DETAILED DESCRIPTION OF THE INVENTION

[0001]

BACKGROUND OF THE INVENTION 1. Field of the Invention The present invention relates to an FM modulator using coherent optical communication and optical heterodyne, and more particularly to a frequency stabilizing circuit (AFC circuit) for stabilizing the frequency of a beat signal.

[0002]

2. Description of the Related Art Conventionally, a coherent optical transmission device as shown in FIG. 6 has been proposed (refer to Japanese Patent Laid-Open No. 4-346525, hereinafter referred to as prior art 1). As shown in FIG. 6, the coherent optical transmission device includes a transmitting device 51 and a receiving device 52 each including a semiconductor laser 67 as a first light emitting element.

The receiving device 52 comprises an optical coupler 59, a light receiving circuit 60, a filter 61, a mixer 62, and an electric FM modulation circuit 6.
3, a detection circuit 64, a control circuit 65, and a local oscillation semiconductor laser 66 as a second light emitting element.
Here, the optical coupler 69 is the semiconductor laser 5 of the transmitting device 51.
7 and the signal light of the semiconductor laser 66 for local oscillation are combined. The light receiving circuit 60 includes a light receiving element and converts the beats of the two signal lights output from the optical coupler 59 into electric signals.
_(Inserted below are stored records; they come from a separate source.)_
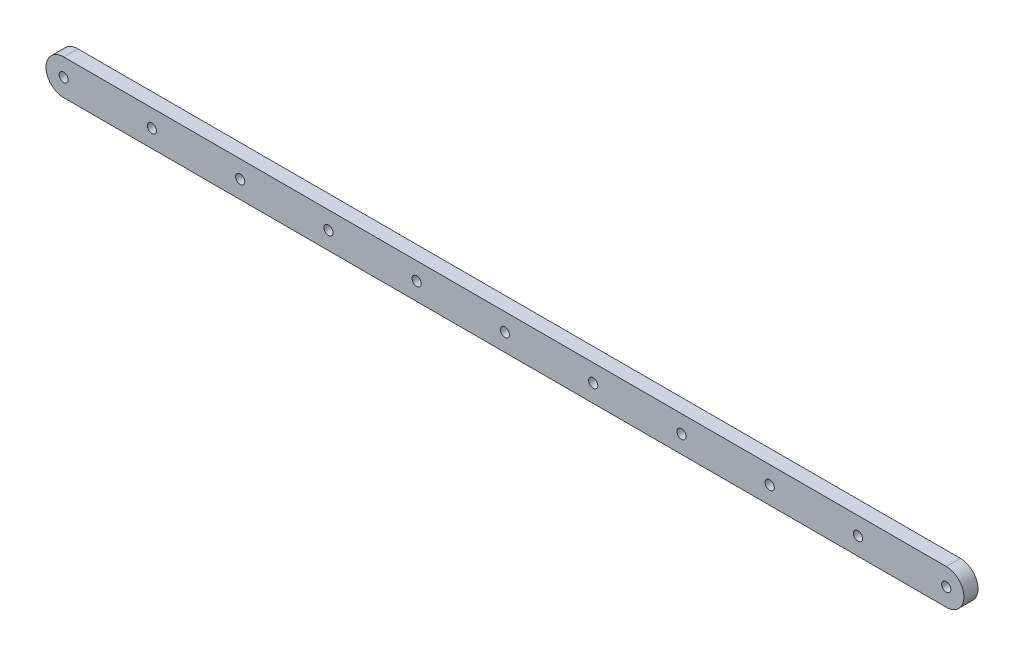
ISO-10303-21;
HEADER;
FILE_DESCRIPTION(('STEP AP214'),'2;1');
FILE_NAME('part.step','',(''),(''),'','','');
FILE_SCHEMA(('AUTOMOTIVE_DESIGN { 1 0 10303 214 1 1 1 1 }'));
ENDSEC;
DATA;
#1=APPLICATION_CONTEXT('core data for automotive mechanical design processes');
#2=APPLICATION_PROTOCOL_DEFINITION('international standard','automotive_design',2000,#1);
#3=PRODUCT_CONTEXT('',#1,'mechanical');
#4=PRODUCT('Part','Part','',(#3));
#5=PRODUCT_RELATED_PRODUCT_CATEGORY('part','',(#4));
#6=PRODUCT_DEFINITION_FORMATION('','',#4);
#7=PRODUCT_DEFINITION_CONTEXT('part definition',#1,'design');
#8=PRODUCT_DEFINITION('design','',#6,#7);
#9=PRODUCT_DEFINITION_SHAPE('','',#8);
#10=(LENGTH_UNIT() NAMED_UNIT(*) SI_UNIT(.MILLI.,.METRE.));
#11=(NAMED_UNIT(*) PLANE_ANGLE_UNIT() SI_UNIT($,.RADIAN.));
#12=(NAMED_UNIT(*) SI_UNIT($,.STERADIAN.) SOLID_ANGLE_UNIT());
#13=UNCERTAINTY_MEASURE_WITH_UNIT(LENGTH_MEASURE(1.E-05),#10,'distance_accuracy_value','');
#14=(GEOMETRIC_REPRESENTATION_CONTEXT(3) GLOBAL_UNCERTAINTY_ASSIGNED_CONTEXT((#13)) GLOBAL_UNIT_ASSIGNED_CONTEXT((#10,
#11,#12)) REPRESENTATION_CONTEXT('',''));
#15=CARTESIAN_POINT('',(0.,0.,0.));
#16=DIRECTION('',(0.,0.,1.));
#17=DIRECTION('',(1.,0.,0.));
#18=AXIS2_PLACEMENT_3D('',#15,#16,#17);
#19=CARTESIAN_POINT('',(0.,-5.,4.));
#20=DIRECTION('',(0.,-1.,0.));
#21=DIRECTION('',(1.,0.,0.));
#22=AXIS2_PLACEMENT_3D('',#19,#20,#21);
#23=PLANE('',#22);
#24=DIRECTION('',(-1.,0.,0.));
#25=VECTOR('',#24,1.);
#26=CARTESIAN_POINT('',(0.,-5.,0.));
#27=LINE('',#26,#25);
#28=CARTESIAN_POINT('',(250.,-5.,0.));
#29=VERTEX_POINT('',#28);
#30=CARTESIAN_POINT('',(0.,-5.,0.));
#31=VERTEX_POINT('',#30);
#32=EDGE_CURVE('E111',#29,#31,#27,.T.);
#33=ORIENTED_EDGE('',*,*,#32,.F.);
#34=DIRECTION('',(0.,0.,-1.));
#35=VECTOR('',#34,1.);
#36=CARTESIAN_POINT('',(250.,-5.,4.));
#37=LINE('',#36,#35);
#38=CARTESIAN_POINT('',(250.,-5.,4.));
#39=VERTEX_POINT('',#38);
#40=EDGE_CURVE('E11',#39,#29,#37,.T.);
#41=ORIENTED_EDGE('',*,*,#40,.F.);
#42=DIRECTION('',(-1.,0.,0.));
#43=VECTOR('',#42,1.);
#44=CARTESIAN_POINT('',(0.,-5.,4.));
#45=LINE('',#44,#43);
#46=CARTESIAN_POINT('',(0.,-5.,4.));
#47=VERTEX_POINT('',#46);
#48=EDGE_CURVE('E92',#39,#47,#45,.T.);
#49=ORIENTED_EDGE('',*,*,#48,.T.);
#50=DIRECTION('',(0.,0.,-1.));
#51=VECTOR('',#50,1.);
#52=CARTESIAN_POINT('',(0.,-5.,4.));
#53=LINE('',#52,#51);
#54=EDGE_CURVE('E82',#47,#31,#53,.T.);
#55=ORIENTED_EDGE('',*,*,#54,.T.);
#56=EDGE_LOOP('',(#33,#41,#49,#55));
#57=FACE_BOUND('',#56,.T.);
#58=ADVANCED_FACE('F43',(#57),#23,.T.);
#59=CARTESIAN_POINT('',(250.,0.,4.));
#60=DIRECTION('',(0.,0.,-1.));
#61=DIRECTION('',(-1.,0.,0.));
#62=AXIS2_PLACEMENT_3D('',#59,#60,#61);
#63=CYLINDRICAL_SURFACE('',#62,4.99999999999999);
#64=CARTESIAN_POINT('',(250.,0.,0.));
#65=DIRECTION('',(0.,0.,1.));
#66=DIRECTION('',(1.,0.,0.));
#67=AXIS2_PLACEMENT_3D('',#64,#65,#66);
#68=CIRCLE('',#67,4.99999999999999);
#69=CARTESIAN_POINT('',(250.,5.,0.));
#70=VERTEX_POINT('',#69);
#71=EDGE_CURVE('E99',#29,#70,#68,.T.);
#72=ORIENTED_EDGE('',*,*,#71,.T.);
#73=DIRECTION('',(0.,0.,-1.));
#74=VECTOR('',#73,1.);
#75=CARTESIAN_POINT('',(250.,5.,4.));
#76=LINE('',#75,#74);
#77=CARTESIAN_POINT('',(250.,5.,4.));
#78=VERTEX_POINT('',#77);
#79=EDGE_CURVE('E52',#78,#70,#76,.T.);
#80=ORIENTED_EDGE('',*,*,#79,.F.);
#81=CARTESIAN_POINT('',(250.,0.,4.));
#82=DIRECTION('',(0.,0.,1.));
#83=DIRECTION('',(1.,0.,0.));
#84=AXIS2_PLACEMENT_3D('',#81,#82,#83);
#85=CIRCLE('',#84,4.99999999999999);
#86=EDGE_CURVE('E87',#39,#78,#85,.T.);
#87=ORIENTED_EDGE('',*,*,#86,.F.);
#88=ORIENTED_EDGE('',*,*,#40,.T.);
#89=EDGE_LOOP('',(#72,#80,#87,#88));
#90=FACE_BOUND('',#89,.T.);
#91=ADVANCED_FACE('F97',(#90),#63,.T.);
#92=CARTESIAN_POINT('',(0.,5.,4.));
#93=DIRECTION('',(0.,1.,0.));
#94=DIRECTION('',(-1.,0.,0.));
#95=AXIS2_PLACEMENT_3D('',#92,#93,#94);
#96=PLANE('',#95);
#97=DIRECTION('',(1.,0.,0.));
#98=VECTOR('',#97,1.);
#99=CARTESIAN_POINT('',(0.,5.,0.));
#100=LINE('',#99,#98);
#101=CARTESIAN_POINT('',(0.,5.,0.));
#102=VERTEX_POINT('',#101);
#103=EDGE_CURVE('E118',#102,#70,#100,.T.);
#104=ORIENTED_EDGE('',*,*,#103,.F.);
#105=DIRECTION('',(0.,0.,-1.));
#106=VECTOR('',#105,1.);
#107=CARTESIAN_POINT('',(0.,5.,4.));
#108=LINE('',#107,#106);
#109=CARTESIAN_POINT('',(0.,5.,4.));
#110=VERTEX_POINT('',#109);
#111=EDGE_CURVE('E75',#110,#102,#108,.T.);
#112=ORIENTED_EDGE('',*,*,#111,.F.);
#113=DIRECTION('',(1.,0.,0.));
#114=VECTOR('',#113,1.);
#115=CARTESIAN_POINT('',(0.,5.,4.));
#116=LINE('',#115,#114);
#117=EDGE_CURVE('E91',#110,#78,#116,.T.);
#118=ORIENTED_EDGE('',*,*,#117,.T.);
#119=ORIENTED_EDGE('',*,*,#79,.T.);
#120=EDGE_LOOP('',(#104,#112,#118,#119));
#121=FACE_BOUND('',#120,.T.);
#122=ADVANCED_FACE('F104',(#121),#96,.T.);
#123=CARTESIAN_POINT('',(0.,0.,4.));
#124=DIRECTION('',(0.,0.,-1.));
#125=DIRECTION('',(-1.,0.,0.));
#126=AXIS2_PLACEMENT_3D('',#123,#124,#125);
#127=CYLINDRICAL_SURFACE('',#126,5.);
#128=CARTESIAN_POINT('',(0.,0.,0.));
#129=DIRECTION('',(0.,0.,1.));
#130=DIRECTION('',(1.,0.,0.));
#131=AXIS2_PLACEMENT_3D('',#128,#129,#130);
#132=CIRCLE('',#131,5.);
#133=EDGE_CURVE('E121',#102,#31,#132,.T.);
#134=ORIENTED_EDGE('',*,*,#133,.T.);
#135=ORIENTED_EDGE('',*,*,#54,.F.);
#136=CARTESIAN_POINT('',(0.,0.,4.));
#137=DIRECTION('',(0.,0.,1.));
#138=DIRECTION('',(1.,0.,0.));
#139=AXIS2_PLACEMENT_3D('',#136,#137,#138);
#140=CIRCLE('',#139,5.);
#141=EDGE_CURVE('E60',#110,#47,#140,.T.);
#142=ORIENTED_EDGE('',*,*,#141,.F.);
#143=ORIENTED_EDGE('',*,*,#111,.T.);
#144=EDGE_LOOP('',(#134,#135,#142,#143));
#145=FACE_BOUND('',#144,.T.);
#146=ADVANCED_FACE('F229',(#145),#127,.T.);
#147=CARTESIAN_POINT('',(0.,0.,4.));
#148=DIRECTION('',(0.,0.,1.));
#149=DIRECTION('',(1.,0.,0.));
#150=AXIS2_PLACEMENT_3D('',#147,#148,#149);
#151=PLANE('',#150);
#152=CARTESIAN_POINT('',(25.,0.,4.));
#153=DIRECTION('',(0.,0.,1.));
#154=DIRECTION('',(1.,0.,0.));
#155=AXIS2_PLACEMENT_3D('',#152,#153,#154);
#156=CIRCLE('',#155,1.3);
#157=CARTESIAN_POINT('',(26.3,0.,4.));
#158=VERTEX_POINT('',#157);
#159=EDGE_CURVE('E154',#158,#158,#156,.T.);
#160=ORIENTED_EDGE('',*,*,#159,.F.);
#161=EDGE_LOOP('',(#160));
#162=FACE_BOUND('',#161,.T.);
#163=CARTESIAN_POINT('',(175.,0.,4.));
#164=DIRECTION('',(0.,0.,1.));
#165=DIRECTION('',(1.,0.,0.));
#166=AXIS2_PLACEMENT_3D('',#163,#164,#165);
#167=CIRCLE('',#166,1.3);
#168=CARTESIAN_POINT('',(176.3,0.,4.));
#169=VERTEX_POINT('',#168);
#170=EDGE_CURVE('E187',#169,#169,#167,.T.);
#171=ORIENTED_EDGE('',*,*,#170,.F.);
#172=EDGE_LOOP('',(#171));
#173=FACE_BOUND('',#172,.T.);
#174=CARTESIAN_POINT('',(150.,0.,4.));
#175=DIRECTION('',(0.,0.,1.));
#176=DIRECTION('',(1.,0.,0.));
#177=AXIS2_PLACEMENT_3D('',#174,#175,#176);
#178=CIRCLE('',#177,1.3);
#179=CARTESIAN_POINT('',(151.3,0.,4.));
#180=VERTEX_POINT('',#179);
#181=EDGE_CURVE('E179',#180,#180,#178,.T.);
#182=ORIENTED_EDGE('',*,*,#181,.F.);
#183=EDGE_LOOP('',(#182));
#184=FACE_BOUND('',#183,.T.);
#185=CARTESIAN_POINT('',(225.,0.,4.));
#186=DIRECTION('',(0.,0.,1.));
#187=DIRECTION('',(1.,0.,0.));
#188=AXIS2_PLACEMENT_3D('',#185,#186,#187);
#189=CIRCLE('',#188,1.3);
#190=CARTESIAN_POINT('',(226.3,0.,4.));
#191=VERTEX_POINT('',#190);
#192=EDGE_CURVE('E203',#191,#191,#189,.T.);
#193=ORIENTED_EDGE('',*,*,#192,.F.);
#194=EDGE_LOOP('',(#193));
#195=FACE_BOUND('',#194,.T.);
#196=CARTESIAN_POINT('',(200.,0.,4.));
#197=DIRECTION('',(0.,0.,1.));
#198=DIRECTION('',(1.,0.,0.));
#199=AXIS2_PLACEMENT_3D('',#196,#197,#198);
#200=CIRCLE('',#199,1.3);
#201=CARTESIAN_POINT('',(201.3,0.,4.));
#202=VERTEX_POINT('',#201);
#203=EDGE_CURVE('E195',#202,#202,#200,.T.);
#204=ORIENTED_EDGE('',*,*,#203,.F.);
#205=EDGE_LOOP('',(#204));
#206=FACE_BOUND('',#205,.T.);
#207=CARTESIAN_POINT('',(75.,0.,4.));
#208=DIRECTION('',(0.,0.,1.));
#209=DIRECTION('',(1.,0.,0.));
#210=AXIS2_PLACEMENT_3D('',#207,#208,#209);
#211=CIRCLE('',#210,1.3);
#212=CARTESIAN_POINT('',(76.3,0.,4.));
#213=VERTEX_POINT('',#212);
#214=EDGE_CURVE('E155',#213,#213,#211,.T.);
#215=ORIENTED_EDGE('',*,*,#214,.F.);
#216=EDGE_LOOP('',(#215));
#217=FACE_BOUND('',#216,.T.);
#218=CARTESIAN_POINT('',(50.,0.,4.));
#219=DIRECTION('',(0.,0.,1.));
#220=DIRECTION('',(1.,0.,0.));
#221=AXIS2_PLACEMENT_3D('',#218,#219,#220);
#222=CIRCLE('',#221,1.3);
#223=CARTESIAN_POINT('',(51.3,0.,4.));
#224=VERTEX_POINT('',#223);
#225=EDGE_CURVE('E145',#224,#224,#222,.T.);
#226=ORIENTED_EDGE('',*,*,#225,.F.);
#227=EDGE_LOOP('',(#226));
#228=FACE_BOUND('',#227,.T.);
#229=CARTESIAN_POINT('',(125.,0.,4.));
#230=DIRECTION('',(0.,0.,1.));
#231=DIRECTION('',(1.,0.,0.));
#232=AXIS2_PLACEMENT_3D('',#229,#230,#231);
#233=CIRCLE('',#232,1.3);
#234=CARTESIAN_POINT('',(126.3,0.,4.));
#235=VERTEX_POINT('',#234);
#236=EDGE_CURVE('E171',#235,#235,#233,.T.);
#237=ORIENTED_EDGE('',*,*,#236,.F.);
#238=EDGE_LOOP('',(#237));
#239=FACE_BOUND('',#238,.T.);
#240=CARTESIAN_POINT('',(100.,0.,4.));
#241=DIRECTION('',(0.,0.,1.));
#242=DIRECTION('',(1.,0.,0.));
#243=AXIS2_PLACEMENT_3D('',#240,#241,#242);
#244=CIRCLE('',#243,1.3);
#245=CARTESIAN_POINT('',(101.3,0.,4.));
#246=VERTEX_POINT('',#245);
#247=EDGE_CURVE('E163',#246,#246,#244,.T.);
#248=ORIENTED_EDGE('',*,*,#247,.F.);
#249=EDGE_LOOP('',(#248));
#250=FACE_BOUND('',#249,.T.);
#251=CARTESIAN_POINT('',(0.,0.,4.));
#252=DIRECTION('',(0.,0.,1.));
#253=DIRECTION('',(1.,0.,0.));
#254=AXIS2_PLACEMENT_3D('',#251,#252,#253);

A filter 61 separates a carrier component and a first side-wave component from the output signal of the light-receiving circuit 60 when the semiconductor laser 57 (first light-emitting element) converts the optical frequency, and separates them. Extract. The mixer 62 calculates the product of the carrier component and the first side wave component. The detection circuit 64 detects the amplitude of the pilot signal. The control circuit 65 controls the optical frequency of the signal light of the local oscillation semiconductor laser 66 so that the amplitude of the pilot signal is maximized. In addition, electric FM
The demodulation circuit 63 demodulates the angle modulation signal that is the output signal of the mixer. Here, the filter 61, the mixer 62, the detection circuit 64, and the control circuit 65 include a frequency stabilization circuit (A
FC circuit).

[0005]

However, in the coherent optical transmission device of the prior art 1, the first light emitting element and the second light emitting element are sufficiently stable at the time of startup.
The AFC circuit operates before the emission frequency difference falls within the pull-in band of the AFC circuit, and the AFC circuit diverges to turn off the light emitting element, and the device does not start up,
Due to the divergence of the FC circuit, there is a disadvantage that an excessive current is applied to the light emitting element and the element is broken.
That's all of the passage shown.